To build the executables, open one of the WDK’s build environments, change to the root directory of this source tree, and run the WDK’s BUILD utility. Try porting it to an Integrated Development Environment such as Visual Studio if you want. I would even be interested in your experience if what you get for your troubles is in any sense superior.
To have the SHIMDBDC.EXE binary and symbol files get collected into the tools\sdb\bin subdirectory, undefine the environment variable NO_BINPLACE before running BUILD. For details, refer to the PROJECT.MK file in the root directory of the source tree.
An indirect merit of using the WDK comes from human preparation of makefiles. Among the many reasons that I have never seen Visual Studio as being worth my time to grapple with, even now that it explicitly supports driver programming, is that its automated generation of makefiles hides the build details not just to help the programmer but to frustrate the reviewer. Makefiles provide naturally for commenting, i.e., to describing what’s in the various source files and why they are built in any particular way. I strongly recommend that you start your reading with the SOURCES file—essentially a makefile inclusion—in each directory that contains source files.

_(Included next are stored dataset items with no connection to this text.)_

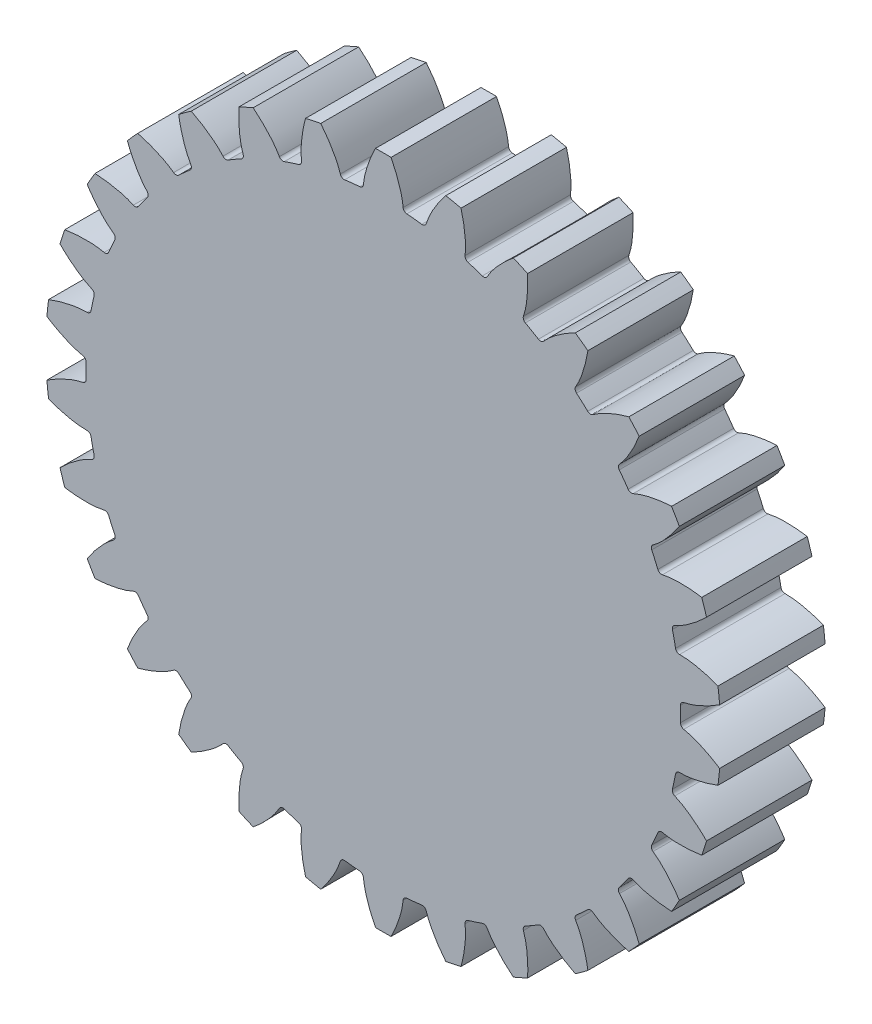
SolidWorks part; units mm, degrees
ref_plane "前视基准面" through (0, 0, 0) normal (0, 0, 1) x (1, 0, 0)
ref_plane "上视基准面" through (0, 0, 0) normal (0, 1, 0) x (1, 0, 0)
ref_plane "右视基准面" through (0, 0, 0) normal (1, 0, 0) x (0, 0, -1)
other "Configuration Table"
sketch "circles" plane through (0, 0, 0) normal (0, 0, 1) x (1, 0, 0)
  circle A0 centre (0, 0) radius 32
  circle A1 centre (0, 0) radius 27.5
  circle A2 centre (0, 0) radius 28.1908
  circle A3 centre (0, 0) radius 30
  dimension "D1" = 60
  dimension "D2" = 56.3816
  dimension "D3" = 55
  dimension "D4" = 64
extrude "Gear_extrude" add sketch "circles" along normal blind 10 contours A0
sketch "Involute" plane through (0, 0, 10) normal (0, 0, 1) x (1, 0, 0)
  spline S0 degree 4 poles (28.171, -1.0557) (28.2223, -1.0593) (28.3658, -1.0748) (28.6344, -1.1247) (29.0665, -1.2353) (29.6059, -1.4183) (30.2862, -1.7021) (31.0629, -2.0956) (31.8862, -2.5882) (32.9602, -3.3359) (34.1728, -4.337) (35.451, -5.5998) (36.7769, -7.1739) (37.9681, -8.8517) (39.0285, -10.6149) (39.9764, -12.4839) (40.7958, -14.4124) (41.4038, -16.142) (41.8493, -17.6484) (42.1713, -18.9171) (42.3998, -19.9389) (42.6495, -21.2237) (42.8522, -22.517) (43.0089, -23.8165) (43.1207, -25.1207) (43.1836, -26.1655) (43.2157, -27.0819) (43.2272, -27.8657) (43.226, -28.5232) (43.2194, -29.0333) (43.2013, -29.7091) (43.1793, -30.2472) (43.1275, -31.2203) (43.075, -31.832) (43.0114, -32.5795) (42.9682, -32.9515) (42.9431, -33.1951) (42.9309, -33.297) knots 0 0 0 0 0 0.005377 0.015084 0.028532 0.04661 0.064855 0.092111 0.119476 0.146842 0.201575 0.256307 0.307035 0.361767 0.4165 0.471232 0.525964 0.580697 0.608063 0.635429 0.662795 0.690161 0.744894 0.77226 0.799626 0.826992 0.854358 0.868042 0.881725 0.895408 0.909091 0.931818 0.954545 0.977273 0.988636 1 1 1 1 1 construction
  spline S2 degree 4 poles (28.171, 1.0557) (28.2223, 1.0593) (28.3658, 1.0748) (28.6344, 1.1247) (29.0665, 1.2353) (29.6059, 1.4183) (30.2862, 1.7021) (31.0629, 2.0956) (31.8862, 2.5882) (32.9602, 3.3359) (34.1728, 4.337) (35.451, 5.5998) (36.7769, 7.1739) (37.9681, 8.8517) (39.0285, 10.6149) (39.9764, 12.4839) (40.7958, 14.4124) (41.4038, 16.142) (41.8493, 17.6484) (42.1713, 18.9171) (42.3998, 19.9389) (42.6495, 21.2237) (42.8522, 22.517) (43.0089, 23.8165) (43.1207, 25.1207) (43.1836, 26.1655) (43.2157, 27.0819) (43.2272, 27.8657) (43.226, 28.5232) (43.2194, 29.0333) (43.2013, 29.7091) (43.1793, 30.2472) (43.1275, 31.2203) (43.075, 31.832) (43.0114, 32.5795) (42.9682, 32.9515) (42.9431, 33.1951) (42.9309, 33.297) knots 0 0 0 0 0 0.005377 0.015084 0.028532 0.04661 0.064855 0.092111 0.119476 0.146842 0.201575 0.256307 0.307035 0.361767 0.4165 0.471232 0.525964 0.580697 0.608063 0.635429 0.662795 0.690161 0.744894 0.77226 0.799626 0.826992 0.854358 0.868042 0.881725 0.895408 0.909091 0.931818 0.954545 0.977273 0.988636 1 1 1 1 1 construction
  spline S3 degree 4 poles (28.171, 1.0557) (28.2223, 1.0593) (28.3658, 1.0748) (28.6344, 1.1247) (29.0665, 1.2353) (29.6059, 1.4183) (30.2862, 1.7021) (31.0629, 2.0956) (31.8862, 2.5882) (32.9602, 3.3359) (34.1728, 4.337) (35.451, 5.5998) (36.7769, 7.1739) (37.9681, 8.8517) (39.0285, 10.6149) (39.9764, 12.4839) (40.7958, 14.4124) (41.4038, 16.142) (41.8493, 17.6484) (42.1713, 18.9171) (42.3998, 19.9389) (42.6495, 21.2237) (42.8522, 22.517) (43.0089, 23.8165) (43.1207, 25.1207) (43.1836, 26.1655) (43.2157, 27.0819) (43.2272, 27.8657) (43.226, 28.5232) (43.2194, 29.0333) (43.2078, 29.4683) (43.1997, 29.7103) (43.1953, 29.8292) knots 0 0 0 0 0 0.005377 0.015084 0.028532 0.04661 0.064855 0.092111 0.119476 0.146842 0.201575 0.256307 0.307035 0.361767 0.4165 0.471232 0.525964 0.580697 0.608063 0.635429 0.662795 0.690161 0.744894 0.77226 0.799626 0.826992 0.854358 0.868042 0.881725 0.895408 0.909091 0.909091 0.909091 0.909091 0.909091
  spline S4 degree 4 poles (28.171, -1.0557) (28.2223, -1.0593) (28.3658, -1.0748) (28.6344, -1.1247) (29.0665, -1.2353) (29.6059, -1.4183) (30.2862, -1.7021) (31.0629, -2.0956) (31.8862, -2.5882) (32.9602, -3.3359) (34.1728, -4.337) (35.451, -5.5998) (36.7769, -7.1739) (37.9681, -8.8517) (39.0285, -10.6149) (39.9764, -12.4839) (40.7958, -14.4124) (41.4038, -16.142) (41.8493, -17.6484) (42.1713, -18.9171) (42.3998, -19.9389) (42.6495, -21.2237) (42.8522, -22.517) (43.0089, -23.8165) (43.1207, -25.1207) (43.1836, -26.1655) (43.2157, -27.0819) (43.2272, -27.8657) (43.226, -28.5232) (43.2194, -29.0333) (43.2078, -29.4683) (43.1997, -29.7103) (43.1953, -29.8292) knots 0 0 0 0 0 0.005377 0.015084 0.028532 0.04661 0.064855 0.092111 0.119476 0.146842 0.201575 0.256307 0.307035 0.361767 0.4165 0.471232 0.525964 0.580697 0.608063 0.635429 0.662795 0.690161 0.744894 0.77226 0.799626 0.826992 0.854358 0.868042 0.881725 0.895408 0.909091 0.909091 0.909091 0.909091 0.909091
sketch "Db>Df" plane through (0, 0, 10) normal (0, 0, 1) x (1, 0, 0)
  line L2 (0, 0) -> (29.9589, 1.5701) construction
  line L3 (0, 0) -> (60.2478, -1.5776) construction
  line L4 (43.1953, 29.8292) -> (60.2478, -1.5776)
  line L5 (60.2478, -1.5776) -> (43.1953, -29.8292)
  circle A2 centre (0, 0) radius 30 construction
  circle A3 centre (0, 0) radius 28.1908 construction
  arc A4 (28.171, -1.0557) -> (28.171, 1.0557) centre (0, 0) ccw
  spline S0 degree 4 poles (-58.7454, -1999.1168) (17.076, -52.2104) (22.5891, -1.8433) (25.9954, -0.4491) (29.0665, -1.2353) (29.6059, -1.4183) (30.2862, -1.7021) (31.0629, -2.0956) (31.8862, -2.5882) (32.9602, -3.3359) (34.1728, -4.337) (35.451, -5.5998) (36.7769, -7.1739) (37.9681, -8.8517) (39.0285, -10.6149) (39.9764, -12.4839) (40.7958, -14.4124) (41.4038, -16.142) (41.8493, -17.6484) (42.1713, -18.9171) (42.3998, -19.9389) (42.6495, -21.2237) (42.8522, -22.517) (43.0089, -23.8165) (43.1207, -25.1207) (43.1836, -26.1655) (43.2157, -27.0819) (43.2272, -27.8657) (43.226, -28.5232) (43.1903, -31.2711) (42.8434, -36.3545) (44.7406, 23.1759) (-32.5965, -2028.0551) knots -0.284666 -0.284666 -0.284666 -0.284666 -0.284666 0.005377 0.015084 0.028532 0.04661 0.064855 0.092111 0.119476 0.146842 0.201575 0.256307 0.307035 0.361767 0.4165 0.471232 0.525964 0.580697 0.608063 0.635429 0.662795 0.690161 0.744894 0.77226 0.799626 0.826992 0.854358 0.868042 0.881725 0.895408 1.149228 1.149228 1.149228 1.149228 1.149228 only from (28.171, -1.0557) to (43.1953, -29.8292) construction
  spline S1 degree 4 poles (-58.7454, 1999.1168) (17.076, 52.2104) (22.5891, 1.8433) (25.9954, 0.4491) (29.0665, 1.2353) (29.6059, 1.4183) (30.2862, 1.7021) (31.0629, 2.0956) (31.8862, 2.5882) (32.9602, 3.3359) (34.1728, 4.337) (35.451, 5.5998) (36.7769, 7.1739) (37.9681, 8.8517) (39.0285, 10.6149) (39.9764, 12.4839) (40.7958, 14.4124) (41.4038, 16.142) (41.8493, 17.6484) (42.1713, 18.9171) (42.3998, 19.9389) (42.6495, 21.2237) (42.8522, 22.517) (43.0089, 23.8165) (43.1207, 25.1207) (43.1836, 26.1655) (43.2157, 27.0819) (43.2272, 27.8657) (43.226, 28.5232) (43.1903, 31.2711) (42.8434, 36.3545) (44.7406, -23.1759) (-32.5965, 2028.0551) knots -0.284666 -0.284666 -0.284666 -0.284666 -0.284666 0.005377 0.015084 0.028532 0.04661 0.064855 0.092111 0.119476 0.146842 0.201575 0.256307 0.307035 0.361767 0.4165 0.471232 0.525964 0.580697 0.608063 0.635429 0.662795 0.690161 0.744894 0.77226 0.799626 0.826992 0.854358 0.868042 0.881725 0.895408 1.149228 1.149228 1.149228 1.149228 1.149228 only from (28.171, 1.0557) to (43.1953, 29.8292) construction
  spline S2 degree 4 poles (28.171, -1.0557) (28.2223, -1.0593) (28.3658, -1.0748) (28.6344, -1.1247) (29.0665, -1.2353) (29.6059, -1.4183) (30.2862, -1.7021) (31.0629, -2.0956) (31.8862, -2.5882) (32.9602, -3.3359) (34.1728, -4.337) (35.451, -5.5998) (36.7769, -7.1739) (37.9681, -8.8517) (39.0285, -10.6149) (39.9764, -12.4839) (40.7958, -14.4124) (41.4038, -16.142) (41.8493, -17.6484) (42.1713, -18.9171) (42.3998, -19.9389) (42.6495, -21.2237) (42.8522, -22.517) (43.0089, -23.8165) (43.1207, -25.1207) (43.1836, -26.1655) (43.2157, -27.0819) (43.2272, -27.8657) (43.226, -28.5232) (43.2194, -29.0333) (43.2078, -29.4683) (43.1997, -29.7103) (43.1953, -29.8292) knots 0 0 0 0 0 0.005377 0.015084 0.028532 0.04661 0.064855 0.092111 0.119476 0.146842 0.201575 0.256307 0.307035 0.361767 0.4165 0.471232 0.525964 0.580697 0.608063 0.635429 0.662795 0.690161 0.744894 0.77226 0.799626 0.826992 0.854358 0.868042 0.881725 0.895408 0.909091 0.909091 0.909091 0.909091 0.909091
  spline S3 degree 4 poles (28.171, 1.0557) (28.2223, 1.0593) (28.3658, 1.0748) (28.6344, 1.1247) (29.0665, 1.2353) (29.6059, 1.4183) (30.2862, 1.7021) (31.0629, 2.0956) (31.8862, 2.5882) (32.9602, 3.3359) (34.1728, 4.337) (35.451, 5.5998) (36.7769, 7.1739) (37.9681, 8.8517) (39.0285, 10.6149) (39.9764, 12.4839) (40.7958, 14.4124) (41.4038, 16.142) (41.8493, 17.6484) (42.1713, 18.9171) (42.3998, 19.9389) (42.6495, 21.2237) (42.8522, 22.517) (43.0089, 23.8165) (43.1207, 25.1207) (43.1836, 26.1655) (43.2157, 27.0819) (43.2272, 27.8657) (43.226, 28.5232) (43.2194, 29.0333) (43.2078, 29.4683) (43.1997, 29.7103) (43.1953, 29.8292) knots 0 0 0 0 0 0.005377 0.015084 0.028532 0.04661 0.064855 0.092111 0.119476 0.146842 0.201575 0.256307 0.307035 0.361767 0.4165 0.471232 0.525964 0.580697 0.608063 0.635429 0.662795 0.690161 0.744894 0.77226 0.799626 0.826992 0.854358 0.868042 0.881725 0.895408 0.909091 0.909091 0.909091 0.909091 0.909091
  dimension "D1" = 4.5
  dimension "D2" = 60
extrude "extruded-cut1" cut sketch "Db>Df" against normal through all
fillet "fillet1" radius 0.38 2 edges at (28.171, -1.0557, 5) (28.171, 1.0557, 5)
pattern_circular "circular-parttern1" count 30 over 360 about axis through (0, 0, 10) along (0, 0, -1) of "extruded-cut1", "fillet1"
sketch "Db<Df" [suppressed] plane through (0, 0, 10) normal (0, 0, 1) x (1, 0, 0)
  line L0 (0, 0) -> (100.8439, 0) construction
  line L1 (0, 0) -> (49.9753, 1.5705) construction
  line L2 (73.0175, 48.1968) -> (100.8439, 0)
  line L3 (100.8439, 0) -> (73.0175, -48.1968)
  circle A0 centre (0, 0) radius 47.5 construction
  arc A1 (47.4927, -0.8355) -> (47.4927, 0.8355) centre (0, 0) ccw
  circle A2 centre (0, 0) radius 50 construction
  spline S0 degree 4 poles (69.1798, -1998.5936) (37.8966, 59.197) (41.8514, 1.7937) (44.8419, 0.3903) (47.7946, 0.8837) (48.4767, 1.0444) (49.3818, 1.3297) (50.5254, 1.7793) (51.8333, 2.4075) (53.2224, 3.1999) (54.6746, 4.1663) (56.0658, 5.2211) (57.3956, 6.3522) (58.6648, 7.5507) (60.1325, 9.0778) (61.7919, 11.0209) (63.5752, 13.4244) (65.4038, 16.3254) (67.0485, 19.4065) (68.4812, 22.5914) (69.5546, 25.4522) (70.3495, 27.9469) (70.9303, 30.0495) (71.3467, 31.7445) (71.7156, 33.4497) (72.0375, 35.1657) (72.3133, 36.8876) (72.5435, 38.6195) (72.7289, 40.3511) (72.8524, 41.8792) (72.9313, 43.1759) (72.9787, 44.2811) (73.0067, 45.1233) (73.0226, 46.0516) (73.0565, 49.344) (72.7733, 58.0548) (73.7264, -18.7455) (39.1601, 2047.4863) knots -0.159153 -0.159153 -0.159153 -0.159153 -0.159153 0.002688 0.005377 0.015084 0.028532 0.04661 0.064855 0.092111 0.119476 0.146842 0.174209 0.201575 0.228941 0.256307 0.307035 0.361767 0.4165 0.471232 0.525964 0.580697 0.608063 0.635429 0.662795 0.690161 0.717528 0.744894 0.77226 0.799626 0.826992 0.840675 0.854358 0.868042 0.881725 0.895408 1.086914 1.086914 1.086914 1.086914 1.086914 only from (46.9782, 0.7758) to (73.0175, 48.1968) construction
  spline S1 degree 4 poles (47.4927, 0.8355) (47.602, 0.8537) (47.9217, 0.9139) (48.5186, 1.0576) (49.3818, 1.3297) (50.5254, 1.7793) (51.8333, 2.4075) (53.2224, 3.1999) (54.6746, 4.1663) (56.0658, 5.2211) (57.3956, 6.3522) (58.6648, 7.5507) (60.1325, 9.0778) (61.7919, 11.0209) (63.5752, 13.4244) (65.4038, 16.3254) (67.0485, 19.4065) (68.4812, 22.5914) (69.5546, 25.4522) (70.3495, 27.9469) (70.9303, 30.0495) (71.3467, 31.7445) (71.7156, 33.4497) (72.0375, 35.1657) (72.3133, 36.8876) (72.5435, 38.6195) (72.7289, 40.3511) (72.8524, 41.8792) (72.9313, 43.1759) (72.9787, 44.2811) (73.0067, 45.1233) (73.0226, 46.0516) (73.0306, 46.8265) (73.0255, 47.605) (73.0207, 47.9985) (73.0175, 48.1968) knots 0.008127 0.008127 0.008127 0.008127 0.008127 0.015084 0.028532 0.04661 0.064855 0.092111 0.119476 0.146842 0.174209 0.201575 0.228941 0.256307 0.307035 0.361767 0.4165 0.471232 0.525964 0.580697 0.608063 0.635429 0.662795 0.690161 0.717528 0.744894 0.77226 0.799626 0.826992 0.840675 0.854358 0.868042 0.881725 0.895408 0.909091 0.909091 0.909091 0.909091 0.909091
  spline S2 degree 4 poles (69.1798, 1998.5936) (37.8966, -59.197) (41.8514, -1.7937) (44.8419, -0.3903) (47.7946, -0.8837) (48.4767, -1.0444) (49.3818, -1.3297) (50.5254, -1.7793) (51.8333, -2.4075) (53.2224, -3.1999) (54.6746, -4.1663) (56.0658, -5.2211) (57.3956, -6.3522) (58.6648, -7.5507) (60.1325, -9.0778) (61.7919, -11.0209) (63.5752, -13.4244) (65.4038, -16.3254) (67.0485, -19.4065) (68.4812, -22.5914) (69.5546, -25.4522) (70.3495, -27.9469) (70.9303, -30.0495) (71.3467, -31.7445) (71.7156, -33.4497) (72.0375, -35.1657) (72.3133, -36.8876) (72.5435, -38.6195) (72.7289, -40.3511) (72.8524, -41.8792) (72.9313, -43.1759) (72.9787, -44.2811) (73.0067, -45.1233) (73.0226, -46.0516) (73.0565, -49.344) (72.7733, -58.0548) (73.7264, 18.7455) (39.1601, -2047.4863) knots -0.159153 -0.159153 -0.159153 -0.159153 -0.159153 0.002688 0.005377 0.015084 0.028532 0.04661 0.064855 0.092111 0.119476 0.146842 0.174209 0.201575 0.228941 0.256307 0.307035 0.361767 0.4165 0.471232 0.525964 0.580697 0.608063 0.635429 0.662795 0.690161 0.717528 0.744894 0.77226 0.799626 0.826992 0.840675 0.854358 0.868042 0.881725 0.895408 1.086914 1.086914 1.086914 1.086914 1.086914 only from (46.9782, -0.7758) to (73.0175, -48.1968) construction
  spline S3 degree 4 poles (47.4927, -0.8355) (47.602, -0.8537) (47.9217, -0.9139) (48.5186, -1.0576) (49.3818, -1.3297) (50.5254, -1.7793) (51.8333, -2.4075) (53.2224, -3.1999) (54.6746, -4.1663) (56.0658, -5.2211) (57.3956, -6.3522) (58.6648, -7.5507) (60.1325, -9.0778) (61.7919, -11.0209) (63.5752, -13.4244) (65.4038, -16.3254) (67.0485, -19.4065) (68.4812, -22.5914) (69.5546, -25.4522) (70.3495, -27.9469) (70.9303, -30.0495) (71.3467, -31.7445) (71.7156, -33.4497) (72.0375, -35.1657) (72.3133, -36.8876) (72.5435, -38.6195) (72.7289, -40.3511) (72.8524, -41.8792) (72.9313, -43.1759) (72.9787, -44.2811) (73.0067, -45.1233) (73.0226, -46.0516) (73.0306, -46.8265) (73.0255, -47.605) (73.0207, -47.9985) (73.0175, -48.1968) knots 0.008127 0.008127 0.008127 0.008127 0.008127 0.015084 0.028532 0.04661 0.064855 0.092111 0.119476 0.146842 0.174209 0.201575 0.228941 0.256307 0.307035 0.361767 0.4165 0.471232 0.525964 0.580697 0.608063 0.635429 0.662795 0.690161 0.717528 0.744894 0.77226 0.799626 0.826992 0.840675 0.854358 0.868042 0.881725 0.895408 0.909091 0.909091 0.909091 0.909091 0.909091
  dimension "D1" = 3
  dimension "D2" = 60
extrude "extruded-cut2" [suppressed] cut sketch "Db<Df" against normal through all
fillet "fillet2" [suppressed] radius 0.38
pattern_circular "circular-parttern2" [suppressed] count 30 over 360
equation "\"M\"= 2mm'模数"
equation "\"Z\"= 30'齿数"
equation "\"B\"= 10mm'齿宽"
equation "\"Alpha\"= 20\t'压力角"
equation "\"D\"= \"M\"*\"Z\"   '分度圆"
equation "\"Db\"= \"D\" * cos ( \"Alpha\" )  \t'基圆"
equation "\"Hax\"= 1'齿顶高系数"
equation "\"Cx\"= 0.25\t'顶隙系数"
equation "\"Ha\"= \"Hax\" * \"M\"\t'齿顶高"
equation "\"Hf\"= ( \"Hax\" + \"Cx\" ) * \"M\"\t'齿根高"
equation "\"Df\"= \"D\" - 2 * \"Hf\"\t\t'齿根圆"
equation "\"Da\"= \"D\" + 2 * \"Ha\"\t'齿顶圆"
equation "\"Theta\"= 360 * sqr ( ( 1 / cos ( \"Alpha\" ) ) ^ 2 - 1 ) / ( 2 * pi ) - atn ( sqr ( ( 1 / cos ( \"Alpha\" ) ) ^ 2 - 1 ) )"
equation "\"Phi\"= - ( 2 * pi * ( 90 / \"Z\" - \"Theta\" ) / 360 )"
equation "\"D1@circles\" = \"D\""
equation "\"D2@circles\" = \"Db\""
equation "\"D3@circles\" = \"Df\""
equation "\"D4@circles\" = \"Da\""
equation "\"D1@Gear_extrude\" = \"B\""
equation "\"D1@circular-parttern1\" = \"Z\""
equation "\"Db>Df\"= IIF ( \"Db\" > \"Df\" ,  unsuppressed  ,  suppressed  ) "
equation "\"extruded-cut1\"= IIF ( \"Db\" > \"Df\" ,  unsuppressed  ,  suppressed  ) "
equation "\"D1@Db<Df\"=90/\"Z\""
equation "\"D1@fillet1\" = 0.19 * \"M\""
equation "\"Db<Df\" = IIF ( \"Db\" < \"Df\" , \"unsuppressed\" , \"suppressed\" )"
equation "\"extruded-cut2\"= IIF ( \"Db\" < \"Df\" ,  unsuppressed  ,  suppressed  ) "
equation "\"D1@fillet2\" = 0.19 * \"M\""
equation "\"D1@circular-parttern2\" = \"Z\""
equation "\"circular-parttern2\"= IIF ( \"Db\" < \"Df\" ,  unsuppressed  ,  suppressed  ) "
equation "\"fillet1\"= IIF ( \"Db\" > \"Df\" ,  unsuppressed  ,  suppressed  ) "
equation "\"fillet2\"= IIF ( \"Db\" < \"Df\" ,  unsuppressed  ,  suppressed  ) "
equation "\"circular-parttern1\"= IIF ( \"Db\" > \"Df\" , \"unsuppressed\" , \"suppressed\" )"

Please note that tab characters in my source files are intended to expand to multiples of eight. This is the traditional handling and was long the standard until someone at Microsoft decided that Visual Studio’s text editor would better expand tabs to multiples of four by default. Traditional handling means that if you’re short of a text editor you can type these source files at the Command Prompt or just print them and they’ll look “right”. If, however, your preferred text editor defaults to expanding tabs any other way, then please adjust its settings before reading my code—else don’t curse me as having no sense of lining things up.